### YOUR OBJECTIVE
From the entries below, copy every line that holds the word "CIRCLE".

### EXTRACTED INFORMATION

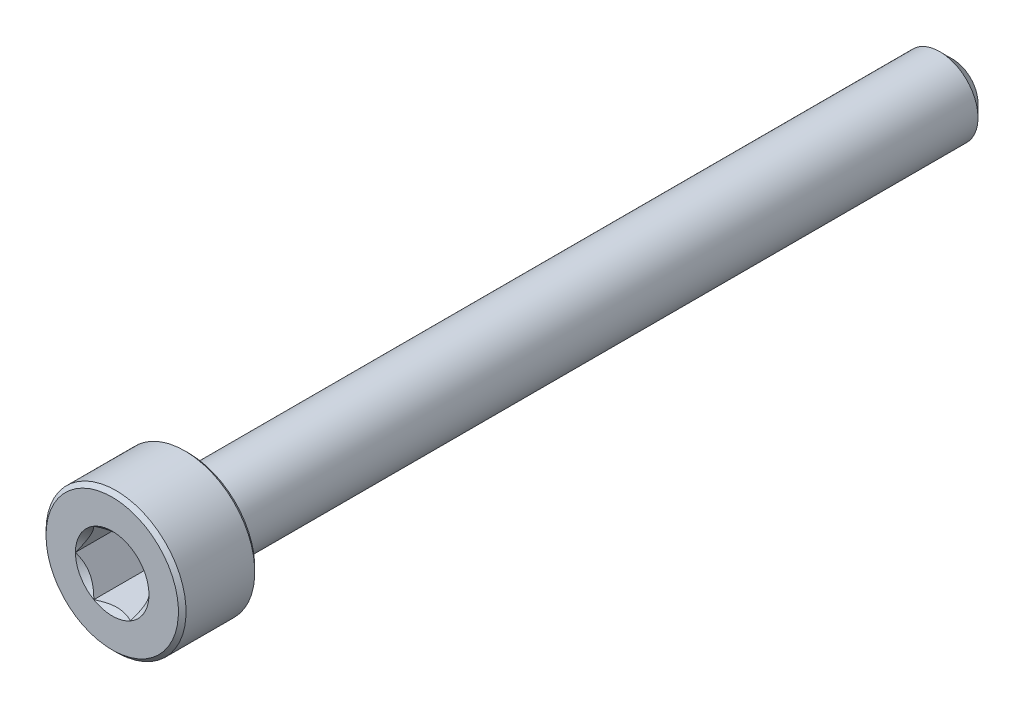
ISO-10303-21;
HEADER;
FILE_DESCRIPTION(('STEP AP214'),'2;1');
FILE_NAME('part.step','',(''),(''),'','','');
FILE_SCHEMA(('AUTOMOTIVE_DESIGN { 1 0 10303 214 1 1 1 1 }'));
ENDSEC;
DATA;
#1=APPLICATION_CONTEXT('core data for automotive mechanical design processes');
#2=APPLICATION_PROTOCOL_DEFINITION('international standard','automotive_design',2000,#1);
#3=PRODUCT_CONTEXT('',#1,'mechanical');
#4=PRODUCT('Part','Part','',(#3));
#5=PRODUCT_RELATED_PRODUCT_CATEGORY('part','',(#4));
#6=PRODUCT_DEFINITION_FORMATION('','',#4);
#7=PRODUCT_DEFINITION_CONTEXT('part definition',#1,'design');
#8=PRODUCT_DEFINITION('design','',#6,#7);
#9=PRODUCT_DEFINITION_SHAPE('','',#8);
#10=(LENGTH_UNIT() NAMED_UNIT(*) SI_UNIT(.MILLI.,.METRE.));
#11=(NAMED_UNIT(*) PLANE_ANGLE_UNIT() SI_UNIT($,.RADIAN.));
#12=(NAMED_UNIT(*) SI_UNIT($,.STERADIAN.) SOLID_ANGLE_UNIT());
#13=UNCERTAINTY_MEASURE_WITH_UNIT(LENGTH_MEASURE(1.E-05),#10,'distance_accuracy_value','');
#14=(GEOMETRIC_REPRESENTATION_CONTEXT(3) GLOBAL_UNCERTAINTY_ASSIGNED_CONTEXT((#13)) GLOBAL_UNIT_ASSIGNED_CONTEXT((#10,
#11,#12)) REPRESENTATION_CONTEXT('',''));
#15=CARTESIAN_POINT('',(0.,0.,0.));
#16=DIRECTION('',(0.,0.,1.));
#17=DIRECTION('',(1.,0.,0.));
#18=AXIS2_PLACEMENT_3D('',#15,#16,#17);
#19=CARTESIAN_POINT('',(0.,0.,16.5));
#20=DIRECTION('',(0.,0.,1.));
#21=DIRECTION('',(1.,0.,0.));
#22=AXIS2_PLACEMENT_3D('',#19,#20,#21);
#23=PLANE('',#22);
#24=CARTESIAN_POINT('',(0.,0.,16.5));
#25=DIRECTION('',(0.,0.,1.));
#26=DIRECTION('',(1.,0.,0.));
#27=AXIS2_PLACEMENT_3D('',#24,#25,#26);
#28=CIRCLE('',#27,1.44337567297407);
#29=CARTESIAN_POINT('',(1.44337567297407,0.,16.5));
#30=VERTEX_POINT('',#29);
#31=CARTESIAN_POINT('',(0.721687836487029,1.25000000000001,16.5));
#32=VERTEX_POINT('',#31);
#33=EDGE_CURVE('E107',#30,#32,#28,.T.);
#34=ORIENTED_EDGE('',*,*,#33,.F.);
#35=CARTESIAN_POINT('',(0.721687836487038,-1.25000000000001,16.5));
#36=VERTEX_POINT('',#35);
#37=EDGE_CURVE('E96',#36,#30,#28,.T.);
#38=ORIENTED_EDGE('',*,*,#37,.F.);
#39=CARTESIAN_POINT('',(-0.72168783648703,-1.25000000000001,16.5));
#40=VERTEX_POINT('',#39);
#41=EDGE_CURVE('E104',#40,#36,#28,.T.);
#42=ORIENTED_EDGE('',*,*,#41,.F.);
#43=CARTESIAN_POINT('',(-1.44337567297407,0.,16.5));
#44=VERTEX_POINT('',#43);
#45=EDGE_CURVE('E255',#44,#40,#28,.T.);
#46=ORIENTED_EDGE('',*,*,#45,.F.);
#47=CARTESIAN_POINT('',(-0.721687836487024,1.25000000000001,16.5));
#48=VERTEX_POINT('',#47);
#49=EDGE_CURVE('E129',#48,#44,#28,.T.);
#50=ORIENTED_EDGE('',*,*,#49,.F.);
#51=EDGE_CURVE('E128',#32,#48,#28,.T.);
#52=ORIENTED_EDGE('',*,*,#51,.F.);
#53=EDGE_LOOP('',(#34,#38,#42,#46,#50,#52));
#54=FACE_BOUND('',#53,.T.);
#55=CARTESIAN_POINT('',(0.,0.,16.5));
#56=DIRECTION('',(0.,0.,-1.));
#57=DIRECTION('',(-1.,0.,0.));
#58=AXIS2_PLACEMENT_3D('',#55,#56,#57);
#59=CIRCLE('',#58,2.6);
#60=CARTESIAN_POINT('',(-2.6,0.,16.5));
#61=VERTEX_POINT('',#60);
#62=EDGE_CURVE('E50',#61,#61,#59,.T.);
#63=ORIENTED_EDGE('',*,*,#62,.F.);
#64=EDGE_LOOP('',(#63));
#65=FACE_BOUND('',#64,.T.);
#66=ADVANCED_FACE('F38',(#54,#65),#23,.T.);
#67=CARTESIAN_POINT('',(0.,0.,16.35));
#68=DIRECTION('',(0.,0.,-1.));
#69=DIRECTION('',(-1.,0.,0.));
#70=AXIS2_PLACEMENT_3D('',#67,#68,#69);
#71=CONICAL_SURFACE('',#70,2.75,0.785398163397455);
#72=ORIENTED_EDGE('',*,*,#62,.T.);
#73=EDGE_LOOP('',(#72));
#74=FACE_BOUND('',#73,.T.);
#75=CARTESIAN_POINT('',(0.,0.,16.35));
#76=DIRECTION('',(0.,0.,-1.));
#77=DIRECTION('',(-1.,0.,0.));
#78=AXIS2_PLACEMENT_3D('',#75,#76,#77);
#79=CIRCLE('',#78,2.75);
#80=CARTESIAN_POINT('',(-2.75,0.,16.35));
#81=VERTEX_POINT('',#80);
#82=EDGE_CURVE('E215',#81,#81,#79,.T.);
#83=ORIENTED_EDGE('',*,*,#82,.F.);
#84=EDGE_LOOP('',(#83));
#85=FACE_BOUND('',#84,.T.);
#86=ADVANCED_FACE('F203',(#74,#85),#71,.T.);
#87=CARTESIAN_POINT('',(0.,0.,-16.5));
#88=DIRECTION('',(0.,0.,-1.));
#89=DIRECTION('',(-1.,0.,0.));
#90=AXIS2_PLACEMENT_3D('',#87,#88,#89);
#91=CYLINDRICAL_SURFACE('',#90,2.75);
#92=ORIENTED_EDGE('',*,*,#82,.T.);
#93=EDGE_LOOP('',(#92));
#94=FACE_BOUND('',#93,.T.);
#95=CARTESIAN_POINT('',(0.,0.,13.65));
#96=DIRECTION('',(0.,0.,-1.));
#97=DIRECTION('',(-1.,0.,0.));
#98=AXIS2_PLACEMENT_3D('',#95,#96,#97);
#99=CIRCLE('',#98,2.75);
#100=CARTESIAN_POINT('',(-2.75,0.,13.65));
#101=VERTEX_POINT('',#100);
#102=EDGE_CURVE('E216',#101,#101,#99,.T.);
#103=ORIENTED_EDGE('',*,*,#102,.F.);
#104=EDGE_LOOP('',(#103));
#105=FACE_BOUND('',#104,.T.);
#106=ADVANCED_FACE('F200',(#94,#105),#91,.T.);
#107=CARTESIAN_POINT('',(0.,0.,13.5));
#108=DIRECTION('',(0.,0.,1.));
#109=DIRECTION('',(1.,0.,0.));
#110=AXIS2_PLACEMENT_3D('',#107,#108,#109);
#111=CONICAL_SURFACE('',#110,2.6,0.785398163397437);
#112=ORIENTED_EDGE('',*,*,#102,.T.);
#113=EDGE_LOOP('',(#112));
#114=FACE_BOUND('',#113,.T.);
#115=CARTESIAN_POINT('',(0.,0.,13.5));
#116=DIRECTION('',(0.,0.,-1.));
#117=DIRECTION('',(-1.,0.,0.));
#118=AXIS2_PLACEMENT_3D('',#115,#116,#117);
#119=CIRCLE('',#118,2.6);
#120=CARTESIAN_POINT('',(-2.6,0.,13.5));
#121=VERTEX_POINT('',#120);
#122=EDGE_CURVE('E219',#121,#121,#119,.T.);
#123=ORIENTED_EDGE('',*,*,#122,.F.);
#124=EDGE_LOOP('',(#123));
#125=FACE_BOUND('',#124,.T.);
#126=ADVANCED_FACE('F196',(#114,#125),#111,.T.);
#127=CARTESIAN_POINT('',(0.,2.6,13.5));
#128=DIRECTION('',(0.,0.,-1.));
#129=DIRECTION('',(-1.,0.,0.));
#130=AXIS2_PLACEMENT_3D('',#127,#128,#129);
#131=PLANE('',#130);
#132=ORIENTED_EDGE('',*,*,#122,.T.);
#133=EDGE_LOOP('',(#132));
#134=FACE_BOUND('',#133,.T.);
#135=CARTESIAN_POINT('',(0.,0.,13.5));
#136=DIRECTION('',(0.,0.,-1.));
#137=DIRECTION('',(-1.,0.,0.));
#138=AXIS2_PLACEMENT_3D('',#135,#136,#137);
#139=CIRCLE('',#138,1.5);
#140=CARTESIAN_POINT('',(-1.5,0.,13.5));
#141=VERTEX_POINT('',#140);
#142=EDGE_CURVE('E224',#141,#141,#139,.T.);
#143=ORIENTED_EDGE('',*,*,#142,.F.);
#144=EDGE_LOOP('',(#143));
#145=FACE_BOUND('',#144,.T.);
#146=ADVANCED_FACE('F192',(#134,#145),#131,.T.);
#147=CARTESIAN_POINT('',(0.,0.,-16.5));
#148=DIRECTION('',(0.,0.,-1.));
#149=DIRECTION('',(-1.,0.,0.));
#150=AXIS2_PLACEMENT_3D('',#147,#148,#149);
#151=CYLINDRICAL_SURFACE('',#150,1.5);
#152=ORIENTED_EDGE('',*,*,#142,.T.);
#153=EDGE_LOOP('',(#152));
#154=FACE_BOUND('',#153,.T.);
#155=CARTESIAN_POINT('',(0.,0.,-16.));
#156=DIRECTION('',(0.,0.,-1.));
#157=DIRECTION('',(-1.,0.,0.));
#158=AXIS2_PLACEMENT_3D('',#155,#156,#157);
#159=CIRCLE('',#158,1.5);
#160=CARTESIAN_POINT('',(-1.5,0.,-16.));
#161=VERTEX_POINT('',#160);
#162=EDGE_CURVE('E402',#161,#161,#159,.T.);
#163=ORIENTED_EDGE('',*,*,#162,.F.);
#164=EDGE_LOOP('',(#163));
#165=FACE_BOUND('',#164,.T.);
#166=ADVANCED_FACE('F189',(#154,#165),#151,.T.);
#167=CARTESIAN_POINT('',(0.,0.,16.5));
#168=DIRECTION('',(0.,0.,1.));
#169=DIRECTION('',(1.,0.,0.));
#170=AXIS2_PLACEMENT_3D('',#167,#168,#169);
#171=CONICAL_SURFACE('',#170,1.44337567297407,0.78539816339745);
#172=ORIENTED_EDGE('',*,*,#33,.T.);
#173=CARTESIAN_POINT('',(1.44349114302791,-0.000200000000010102,16.5001154839091));
#174=CARTESIAN_POINT('',(1.41867941875066,0.0427751670715772,16.4753216680551));
#175=CARTESIAN_POINT('',(1.39345276980744,0.0864690047459395,16.4519837344187));
#176=CARTESIAN_POINT('',(1.34201263554195,0.175565930841935,16.4092520040845));
#177=CARTESIAN_POINT('',(1.31579425481277,0.220977498357058,16.3898819923604));
#178=CARTESIAN_POINT('',(1.26292610442246,0.312547820935255,16.3567004834135));
#179=CARTESIAN_POINT('',(1.23628980770471,0.358683240175882,16.3428055590527));
#180=CARTESIAN_POINT('',(1.18243062538508,0.451970080407591,16.3213972821606));
#181=CARTESIAN_POINT('',(1.15520938653761,0.499118649136379,16.3138679415668));
#182=CARTESIAN_POINT('',(1.10829684367467,0.580373556887253,16.3070744980507));
#183=CARTESIAN_POINT('',(1.08866617256958,0.614374876627941,16.3060685591043));
#184=CARTESIAN_POINT('',(1.04943932800611,0.682317764432478,16.3077614149113));
#185=CARTESIAN_POINT('',(1.02984316311599,0.716259317655658,16.3104610272155));
#186=CARTESIAN_POINT('',(0.990839954603499,0.7838148564575,16.3194089303164));
#187=CARTESIAN_POINT('',(0.971433104248771,0.817428507286776,16.3256605258997));
#188=CARTESIAN_POINT('',(0.932943395609905,0.884094638217814,16.3413756814139));
#189=CARTESIAN_POINT('',(0.9138606800983,0.917146871030296,16.3508406200875));
#190=CARTESIAN_POINT('',(0.864986351354568,1.00179969160027,16.3789313906876));
#191=CARTESIAN_POINT('',(0.835502920149076,1.05286649242964,16.3996701574522));
#192=CARTESIAN_POINT('',(0.777690319475909,1.15300085411326,16.4463871346715));
#193=CARTESIAN_POINT('',(0.749357745598417,1.20207431157827,16.4723482959468));
#194=CARTESIAN_POINT('',(0.721572366433194,1.2502,16.5001154839091));
#195=B_SPLINE_CURVE_WITH_KNOTS('',3,(#173,#174,#175,#176,#177,#178,#179,#180,#181,#182,#183,
#184,#185,#186,#187,#188,#189,#190,#191,#192,#193,#194),.UNSPECIFIED.,.F.,.F.,(4,2,2,2,2,2,2,2,
2,2,4),(0.,0.166533409618308,0.334037607289768,0.498880396489708,0.663307919240287,
0.78096396345884,0.898645970148466,1.01643764860775,1.13427993171551,1.32148652032142,
1.50809158792575),.UNSPECIFIED.);
#196=EDGE_CURVE('E13',#30,#32,#195,.T.);
#197=ORIENTED_EDGE('',*,*,#196,.F.);
#198=EDGE_LOOP('',(#172,#197));
#199=FACE_BOUND('',#198,.T.);
#200=ADVANCED_FACE('F109',(#199),#171,.F.);
#201=ORIENTED_EDGE('',*,*,#37,.T.);
#202=CARTESIAN_POINT('',(0.7215723664332,-1.25020000000001,16.5001154839091));
#203=CARTESIAN_POINT('',(0.74638409071045,-1.20722483292842,16.4753216680551));
#204=CARTESIAN_POINT('',(0.77161073965367,-1.16353099525406,16.4519837344187));
#205=CARTESIAN_POINT('',(0.82305087391916,-1.07443406915807,16.4092520040845));
#206=CARTESIAN_POINT('',(0.849269254648338,-1.02902250164294,16.3898819923604));
#207=CARTESIAN_POINT('',(0.902137405038641,-0.937452179064748,16.3567004834135));
#208=CARTESIAN_POINT('',(0.928773701756392,-0.891316759824122,16.3428055590527));
#209=CARTESIAN_POINT('',(0.982632884076017,-0.798029919592416,16.3213972821606));
#210=CARTESIAN_POINT('',(1.00985412292349,-0.750881350863629,16.3138679415668));
#211=CARTESIAN_POINT('',(1.05676666578643,-0.669626443112756,16.3070744980507));
#212=CARTESIAN_POINT('',(1.07639733689152,-0.635625123372068,16.3060685591044));
#213=CARTESIAN_POINT('',(1.11562418145499,-0.567682235567531,16.3077614149113));
#214=CARTESIAN_POINT('',(1.13522034634511,-0.53374068234435,16.3104610272155));
#215=CARTESIAN_POINT('',(1.1742235548576,-0.466185143542508,16.3194089303164));
#216=CARTESIAN_POINT('',(1.19363040521233,-0.432571492713233,16.3256605258997));
#217=CARTESIAN_POINT('',(1.2321201138512,-0.365905361782194,16.3413756814139));
#218=CARTESIAN_POINT('',(1.2512028293628,-0.332853128969711,16.3508406200875));
#219=CARTESIAN_POINT('',(1.30007715810654,-0.248200308399743,16.3789313906876));
#220=CARTESIAN_POINT('',(1.32956058931203,-0.197133507570369,16.3996701574522));
#221=CARTESIAN_POINT('',(1.38737318998519,-0.0969991458867541,16.4463871346715));
#222=CARTESIAN_POINT('',(1.41570576386268,-0.0479256884217401,16.4723482959468));
#223=CARTESIAN_POINT('',(1.44349114302791,0.000199999999990726,16.5001154839091));
#224=B_SPLINE_CURVE_WITH_KNOTS('',3,(#202,#203,#204,#205,#206,#207,#208,#209,#210,#211,#212,
#213,#214,#215,#216,#217,#218,#219,#220,#221,#222,#223),.UNSPECIFIED.,.F.,.F.,(4,2,2,2,2,2,2,2,
2,2,4),(0.,0.166533409618303,0.334037607289761,0.498880396489696,0.663307919240272,
0.780963963458824,0.898645970148452,1.01643764860773,1.13427993171549,1.32148652032141,
1.50809158792573),.UNSPECIFIED.);
#225=EDGE_CURVE('E99',#36,#30,#224,.T.);
#226=ORIENTED_EDGE('',*,*,#225,.F.);
#227=EDGE_LOOP('',(#201,#226));
#228=FACE_BOUND('',#227,.T.);
#229=ADVANCED_FACE('F98',(#228),#171,.F.);
#230=ORIENTED_EDGE('',*,*,#41,.T.);
#231=CARTESIAN_POINT('',(-1.43934010808077,-1.25000000000001,16.9629820968923));
#232=CARTESIAN_POINT('',(-1.40429313005658,-1.25000000000001,16.9365249226329));
#233=CARTESIAN_POINT('',(-1.36905087135599,-1.25000000000001,16.9103271603543));
#234=CARTESIAN_POINT('',(-1.29809650706311,-1.25000000000001,16.8585575718396));
#235=CARTESIAN_POINT('',(-1.26238428576495,-1.25000000000001,16.8329859043563));
#236=CARTESIAN_POINT('',(-1.15390111792708,-1.25000000000001,16.7570059936895));
#237=CARTESIAN_POINT('',(-1.08031646726264,-1.25000000000001,16.7077402861896));
#238=CARTESIAN_POINT('',(-0.926012322755092,-1.25000000000001,16.6110258302631));
#239=CARTESIAN_POINT('',(-0.845125318656144,-1.25000000000001,16.5638412989418));
#240=CARTESIAN_POINT('',(-0.6793111740766,-1.25000000000001,16.4775307343904));
#241=CARTESIAN_POINT('',(-0.594398891026686,-1.25000000000001,16.4383775346269));
#242=CARTESIAN_POINT('',(-0.466944812460738,-1.25000000000001,16.3904772236883));
#243=CARTESIAN_POINT('',(-0.42628998581282,-1.25000000000001,16.3767294897863));
#244=CARTESIAN_POINT('',(-0.343998850091266,-1.25000000000001,16.3524979274505));
#245=CARTESIAN_POINT('',(-0.302362473614961,-1.25000000000001,16.3420143238698));
#246=CARTESIAN_POINT('',(-0.219052696285664,-1.25000000000001,16.3250301617483));
#247=CARTESIAN_POINT('',(-0.177393428474499,-1.25000000000001,16.3184613604714));
#248=CARTESIAN_POINT('',(-0.093629369340191,-1.25000000000001,16.3094350534578));
#249=CARTESIAN_POINT('',(-0.0515246558543948,-1.25000000000001,16.3069768409973));
#250=CARTESIAN_POINT('',(0.0311890576306331,-1.25000000000001,16.3063540620133));
#251=CARTESIAN_POINT('',(0.071796962549932,-1.25000000000001,16.3080371168463));
#252=CARTESIAN_POINT('',(0.152668636885199,-1.25000000000001,16.3152682705979));
#253=CARTESIAN_POINT('',(0.19293233883536,-1.25000000000001,16.3208171104131));
#254=CARTESIAN_POINT('',(0.273499879165297,-1.25000000000001,16.335571036465));
#255=CARTESIAN_POINT('',(0.313792180618513,-1.25000000000001,16.3448381759641));
#256=CARTESIAN_POINT('',(0.393496413911459,-1.25000000000001,16.3665361784573));
#257=CARTESIAN_POINT('',(0.432908419115061,-1.25000000000001,16.3789667767306));
#258=CARTESIAN_POINT('',(0.5569927358623,-1.25000000000001,16.4227793529314));
#259=CARTESIAN_POINT('',(0.639898924666087,-1.25000000000001,16.459151072876));
#260=CARTESIAN_POINT('',(0.801816555499702,-1.25000000000001,16.5400191621783));
#261=CARTESIAN_POINT('',(0.880812666325045,-1.25000000000001,16.584544720912));
#262=CARTESIAN_POINT('',(1.0317856127975,-1.25000000000001,16.6764048766666));
#263=CARTESIAN_POINT('',(1.10391618485086,-1.25000000000001,16.7234899339163));
#264=CARTESIAN_POINT('',(1.21018606043311,-1.25000000000001,16.7962785615985));
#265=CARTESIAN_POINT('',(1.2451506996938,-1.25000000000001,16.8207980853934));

### RESULT OF THE EXERCISE
#28=CIRCLE('',#27,1.44337567297407);
#59=CIRCLE('',#58,2.6);
#79=CIRCLE('',#78,2.75);
#99=CIRCLE('',#98,2.75);
#119=CIRCLE('',#118,2.6);
#139=CIRCLE('',#138,1.5);
#159=CIRCLE('',#158,1.5);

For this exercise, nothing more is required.